/open_ag_hacking

Primary LanguageJupyter Notebook

Playing around with Open Ag Data

Background

This repo contains (incomplete) ideas and code developed during the Initiative for Open Ag Data's gathering in London in February 2017. I worked on several different questions during the event, so I'm trying to quickly document them before I forget the details of the conversations so that momentum can continue wherever it makes the most sense.

Part 1: Mechanical Turk to build training data for activity classification

Here, we explored different ways to create a training data set that would hopefully enable the creation of an auto-tagging algorithm that could assign AGROVOC codes to IATI activities. Since we don't have a labeled dataset that would support this kind of supervised learning task, we'll need to create one. Our approach here would be to vectorize activity data (using TF-IDF+SVD) and AGROVOC codes (using word embeddings created via Word2Vec) then take an unsupervised approach to predict possible codes for each document. However, we'll need to validate that this is actually returning useful data, which we propose to accomplish via Mechanical Turk. We didn't get to building any of the pipeline, but we did frame up the guts of the turk task. The task UI and task list template are included here.

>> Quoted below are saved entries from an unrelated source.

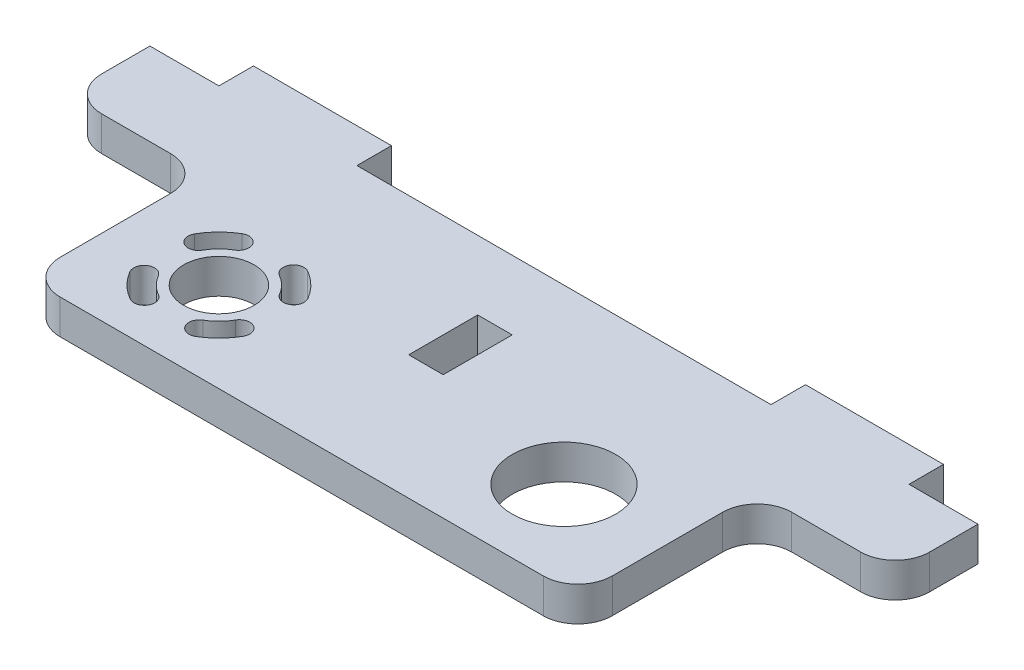
from build123d import *

# Parameters (mm, degrees)
SKETCH_1_R      = 5.1
SKETCH_1_R_2    = 7.5
SKETCH_1_W      = 5
SKETCH_1_H      = 10
EXTRUDE_1_DEPTH = 5


with BuildPart() as part:
    # 草图1 → 凸台-拉伸1 (new body)
    with BuildSketch(Plane(origin=(0, 0, 0), x_dir=(1, 0, 0), z_dir=(0, 1, 0))):
        with BuildLine():
            Line((5, 0), (75, 0))
            ThreePointArc((75, 0), (78.535533906, 1.464466094), (80, 5))
            Line((80, 5), (80, 21))
            ThreePointArc((80, 21), (81.464466094, 24.535533906), (85, 26))
            Line((85, 26), (95, 26))
            ThreePointArc((95, 26), (98.535533906, 27.464466094), (100, 31))
            Line((100, 31), (100, 38))
            Line((100, 38), (90, 38))
            Line((90, 38), (90, 43))
            Line((90, 43), (70, 43))
            Line((70, 43), (70, 38))
            Line((70, 38), (10, 38))
            Line((10, 38), (10, 43))
            Line((10, 43), (-10, 43))
            Line((-10, 43), (-10, 38))
            Line((-10, 38), (-20, 38))
            Line((-20, 38), (-20, 31))
            ThreePointArc((-20, 31), (-18.535533906, 27.464466094), (-15, 26))
            Line((-15, 26), (-5, 26))
            ThreePointArc((-5, 26), (-1.464466094, 24.535533906), (0, 21))
            Line((0, 21), (0, 5))
            ThreePointArc((0, 5), (1.464466094, 1.464466094), (5, 0))
        make_face()
        with Locations(Location((15, 13, 0), (0, 0, 270))):
            Circle(SKETCH_1_R, mode=Mode.SUBTRACT)
        with Locations(Location((65, 13, 0), (0, 0, 270))):
            Circle(SKETCH_1_R_2, mode=Mode.SUBTRACT)
        with Locations((40, 23)):
            Rectangle(SKETCH_1_W, SKETCH_1_H, mode=Mode.SUBTRACT)
        with BuildLine():
            ThreePointArc((10.242718447, 21.134042717), (8.299573716, 19.625606863), (6.813051963, 17.665646852))
            ThreePointArc((6.813051963, 17.665646852), (7.373585621, 15.619723584), (9.419508889, 16.180257242))
            ThreePointArc((9.419508889, 16.180257242), (10.432770655, 17.516229984), (11.757281553, 18.544429117))
            ThreePointArc((11.757281553, 18.544429117), (12.2948068, 20.59651747), (10.242718447, 21.134042717))
        make_face(mode=Mode.SUBTRACT)
        with BuildLine():
            ThreePointArc((23.134042717, 17.757281553), (21.625606863, 19.700426284), (19.665646852, 21.186948037))
            ThreePointArc((19.665646852, 21.186948037), (17.619723584, 20.626414379), (18.180257242, 18.580491111))
            ThreePointArc((18.180257242, 18.580491111), (19.516229984, 17.567229345), (20.544429117, 16.242718447))
            ThreePointArc((20.544429117, 16.242718447), (22.59651747, 15.7051932), (23.134042717, 17.757281553))
        make_face(mode=Mode.SUBTRACT)
        with BuildLine():
            ThreePointArc((19.757281553, 4.865957283), (21.700426284, 6.374393137), (23.186948037, 8.334353148))
            ThreePointArc((23.186948037, 8.334353148), (22.626414379, 10.380276416), (20.580491111, 9.819742758))
            ThreePointArc((20.580491111, 9.819742758), (19.567229345, 8.483770016), (18.242718447, 7.455570883))
            ThreePointArc((18.242718447, 7.455570883), (17.7051932, 5.40348253), (19.757281553, 4.865957283))
        make_face(mode=Mode.SUBTRACT)
        with BuildLine():
            ThreePointArc((6.865957283, 8.242718447), (8.374393137, 6.299573716), (10.334353148, 4.813051963))
            ThreePointArc((10.334353148, 4.813051963), (12.380276416, 5.373585621), (11.819742758, 7.419508889))
            ThreePointArc((11.819742758, 7.419508889), (10.483770016, 8.432770655), (9.455570883, 9.757281553))
            ThreePointArc((9.455570883, 9.757281553), (7.40348253, 10.2948068), (6.865957283, 8.242718447))
        make_face(mode=Mode.SUBTRACT)
    extrude(amount=EXTRUDE_1_DEPTH)


solid = part.part

Part 2: Hierarchical clustering of agriculture activity results

A question came up during one of the early demos put on by the D-Portal team about whether or not it would be possible to enable searching for activities based on the type of results they're reporting (regardless of the details of the intervention). To find out, we used a hierarchical clustering approach on results text data to see what kind of relevant groupings, if any, we might be able to extract.

Part 3: Imputing incomplete records based on linked documents

Late in the afternoon on the final day, a question was raised as to whether it might be possible to extract useful data from the documents attached to IATI activities to fill in missing fields in the parent record. Here, we test the viability of using named-entity extraction (via NLTK) to glean potentially useful details about sub-national project locations and participating organizations.